### Assignment
Wherever the string "Rectangle" occurs in a line of these records, report that line.

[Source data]
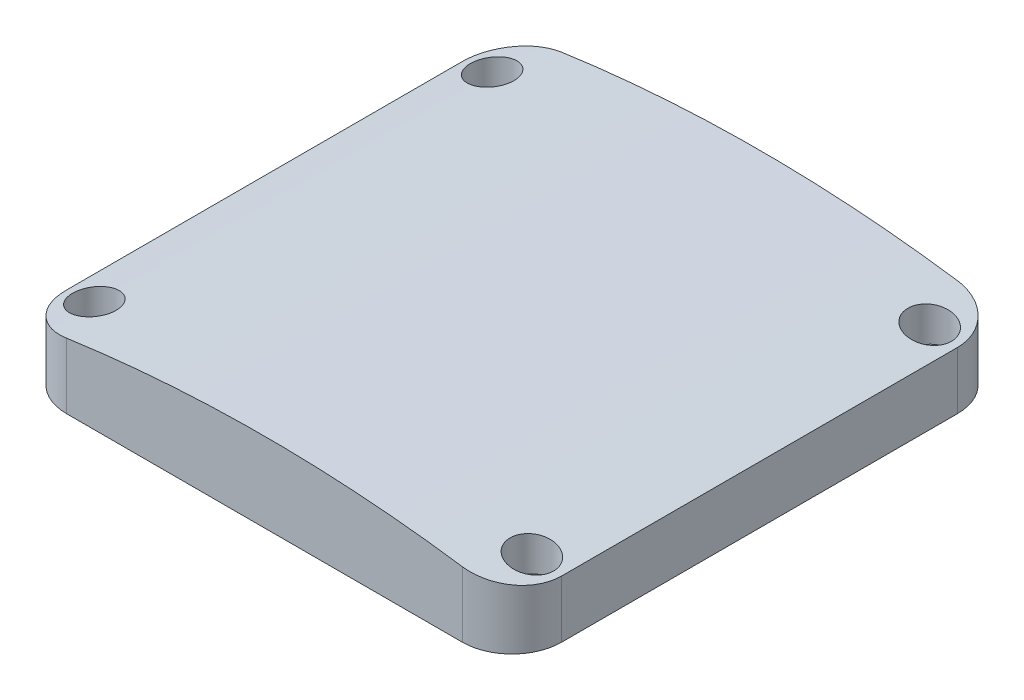
from build123d import *

# Parameters (mm, degrees)
BOSS_EXTRUDE1_DEPTH             = 31.623
FILLET1_R                       = 6.35
F_32_0_116_DIAMETER_HOLE1_D     = 2.9464
F_32_0_116_DIAMETER_HOLE1_DEPTH = 3.81
SKETCH7_R                       = 2.7813
CUT_EXTRUDE4_DEPTH              = 46.170242106


with BuildPart() as part:
    # Sketch1 → Boss-Extrude1 (new, symmetric)
    with BuildSketch(Plane.XY):
        with BuildLine():
            Line((-31.623, 174.965213317), (-31.623, 167.64))
            Line((-31.623, 167.64), (-24.003, 167.64))
            Line((-24.003, 167.64), (24.003, 167.64))
            Line((24.003, 167.64), (31.623, 167.64))
            Line((31.623, 167.64), (31.623, 174.965213317))
            ThreePointArc((31.623, 174.965213317), (0, 177.8), (-31.623, 174.965213317))
        make_face()
    extrude(amount=BOSS_EXTRUDE1_DEPTH, both=True)

    # Fillet1
    fillet1_edges = [part.edges().sort_by_distance(p)[0] for p in [
        (-31.623, 171.302606658, -31.623),
        (31.623, 171.302606658, -31.623),
        (31.623, 171.302606658, 31.623),
        (-31.623, 171.302606658, 31.623),
    ]]
    fillet(fillet1_edges, radius=FILLET1_R)

    # #32 (0.116) Diameter Hole1
    with Locations(Plane.XZ.offset(-167.64)):
        with Locations((27.94, -25.4), (-27.94, -25.4), (27.94, 25.4), (-27.94, 25.4)):
            Hole(F_32_0_116_DIAMETER_HOLE1_D / 2, depth=F_32_0_116_DIAMETER_HOLE1_DEPTH)

    # Sketch7 → Cut-Extrude4 (cut, through all)
    with BuildSketch(Plane.XZ.offset(-171.45)):
        with Locations((27.94, -25.4)):
            Circle(SKETCH7_R)
        with Locations((27.94, 25.4)):
            Circle(SKETCH7_R)
        with Locations((-27.94, 25.4)):
            Circle(SKETCH7_R)
        with Locations((-27.94, -25.4)):
            Circle(SKETCH7_R)
    extrude(amount=-CUT_EXTRUDE4_DEPTH, mode=Mode.SUBTRACT)


solid = part.part
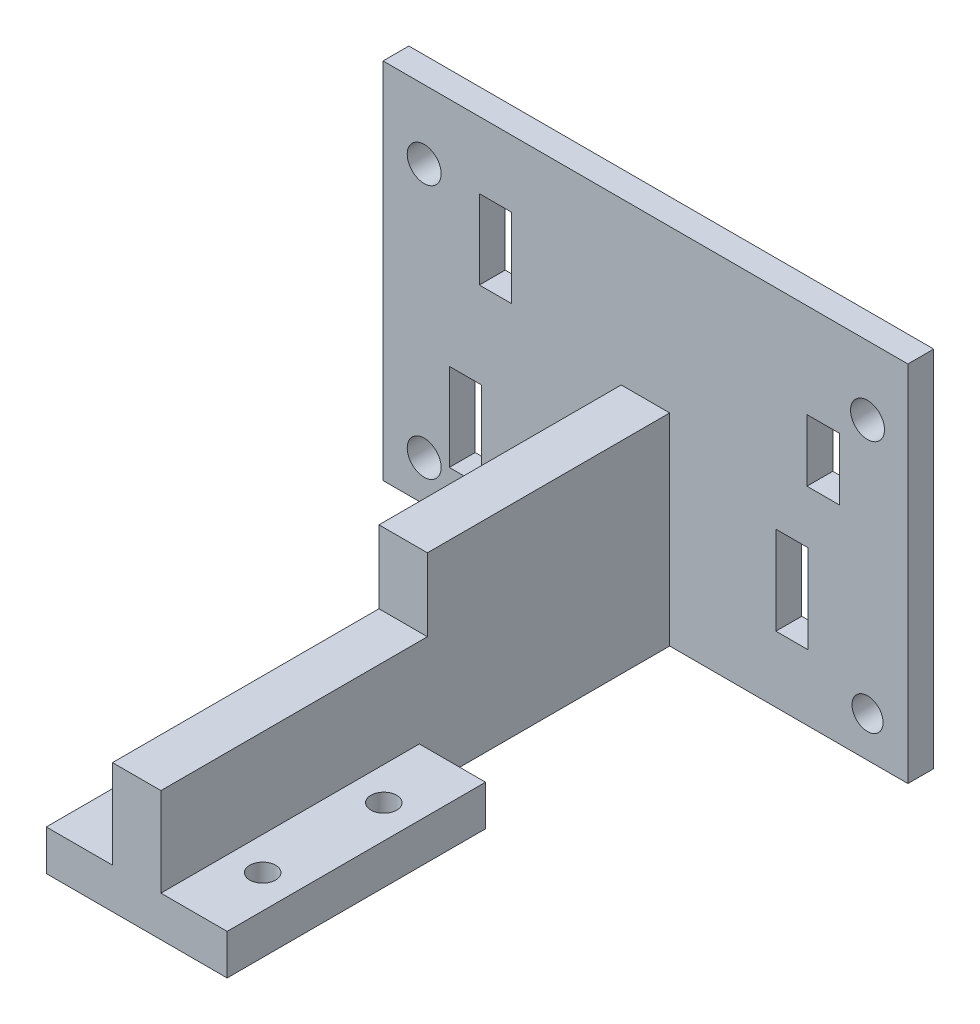
from build123d import *

# Parameters (mm, degrees)
SKETCH_1_W          = 8.2
SKETCH_1_H          = 32
SKETCH_1_R          = 1.6
EXTRUDE_1_DEPTH     = 5
SKETCH_2_W          = 6
SKETCH_2_H          = 63
EXTRUDE_2_DEPTH     = 25
SKETCH_3_W          = 65
SKETCH_3_H          = 45
EXTRUDE_3_DEPTH     = 3.2
SKETCH_4_R          = 1.922469011
SKETCH_4_R_2        = 2.1
CUT_EXTRUDE_1_DEPTH = 13.2
SKETCH_7_W          = 4
SKETCH_7_H          = 7.68275579
SKETCH_7_H_2        = 10.940540448
SKETCH_7_H_3        = 9.798767364
SKETCH_7_H_4        = 10.843668011
CUT_EXTRUDE_2_DEPTH = 13.2
SKETCH_8_W          = 33
SKETCH_8_H          = 9
CUT_EXTRUDE_3_DEPTH = 13.2


with BuildPart() as part:
    # 草图1 → 凸台-拉伸1 (new body)
    with BuildSketch(Plane(origin=(0, 0, 0), x_dir=(1, 0, 0), z_dir=(0, 1, 0))):
        Rectangle(SKETCH_1_W, SKETCH_1_H)
        with Locations(Location((0, 7.5, 0), (0, 0, 270))):
            Circle(SKETCH_1_R, mode=Mode.SUBTRACT)
        with Locations(Location((0, -7.5, 0), (0, 0, 90))):
            Circle(SKETCH_1_R, mode=Mode.SUBTRACT)
    extrude_1 = extrude(amount=EXTRUDE_1_DEPTH)

    # 草图2 → 凸台-拉伸2 (add)
    with BuildSketch(Plane(origin=(0, 0, 0), x_dir=(1, 0, 0), z_dir=(0, 1, 0))):
        with Locations((7.1, 15.5)):
            Rectangle(SKETCH_2_W, SKETCH_2_H)
    extrude(amount=EXTRUDE_2_DEPTH)

    # 草图3 → 凸台-拉伸3 (add)
    with BuildSketch(Plane(origin=(0, 0, -47), x_dir=(-1, 0, 0), z_dir=(0, 0, -1))):
        with Locations((-7.1, 22.5)):
            Rectangle(SKETCH_3_W, SKETCH_3_H)
    extrude(amount=EXTRUDE_3_DEPTH)

    # 草图4 → 切除-拉伸1 (cut)
    with BuildSketch(Plane(origin=(0, 0, -50.2), x_dir=(-1, 0, 0), z_dir=(0, 0, -1))):
        with Locations((-34.6, 5)):
            Circle(SKETCH_4_R)
        with Locations((20.3, 5)):
            Circle(SKETCH_4_R_2)
        with Locations((-34.6, 36.5)):
            Circle(SKETCH_4_R_2)
        with Locations((20.3, 36.5)):
            Circle(SKETCH_4_R_2)
    extrude(amount=-CUT_EXTRUDE_1_DEPTH, mode=Mode.SUBTRACT)

    # 草图7 → 切除-拉伸2 (cut)
    with BuildSketch(Plane(origin=(0, 0, -50.2), x_dir=(-1, 0, 0), z_dir=(0, 0, -1))):
        with Locations((-29.100303776, 29.48244197)):
            Rectangle(SKETCH_7_W, SKETCH_7_H)
        with Locations((-25.252299823, 13.640004416)):
            Rectangle(SKETCH_7_W, SKETCH_7_H_2)
        with Locations((11.465466314, 31.834080816)):
            Rectangle(SKETCH_7_W, SKETCH_7_H_3)
        with Locations((15.188894487, 10.930624409)):
            Rectangle(SKETCH_7_W, SKETCH_7_H_4)
    extrude(amount=-CUT_EXTRUDE_2_DEPTH, mode=Mode.SUBTRACT)

    # 镜向1: 凸台-拉伸1 across plane
    add(extrude_1.mirror(Plane.ZY.offset(-7.1)))

    # 草图8 → 切除-拉伸3 (cut)
    with BuildSketch(Plane.ZY.offset(-4.1)):
        with Locations((-0.5, 20.5)):
            Rectangle(SKETCH_8_W, SKETCH_8_H)
    extrude(amount=-CUT_EXTRUDE_3_DEPTH, mode=Mode.SUBTRACT)


solid = part.part

### Exercise solution
        Rectangle(SKETCH_1_W, SKETCH_1_H)
            Rectangle(SKETCH_2_W, SKETCH_2_H)
            Rectangle(SKETCH_3_W, SKETCH_3_H)
            Rectangle(SKETCH_7_W, SKETCH_7_H)
            Rectangle(SKETCH_7_W, SKETCH_7_H_2)
            Rectangle(SKETCH_7_W, SKETCH_7_H_3)
            Rectangle(SKETCH_7_W, SKETCH_7_H_4)
            Rectangle(SKETCH_8_W, SKETCH_8_H)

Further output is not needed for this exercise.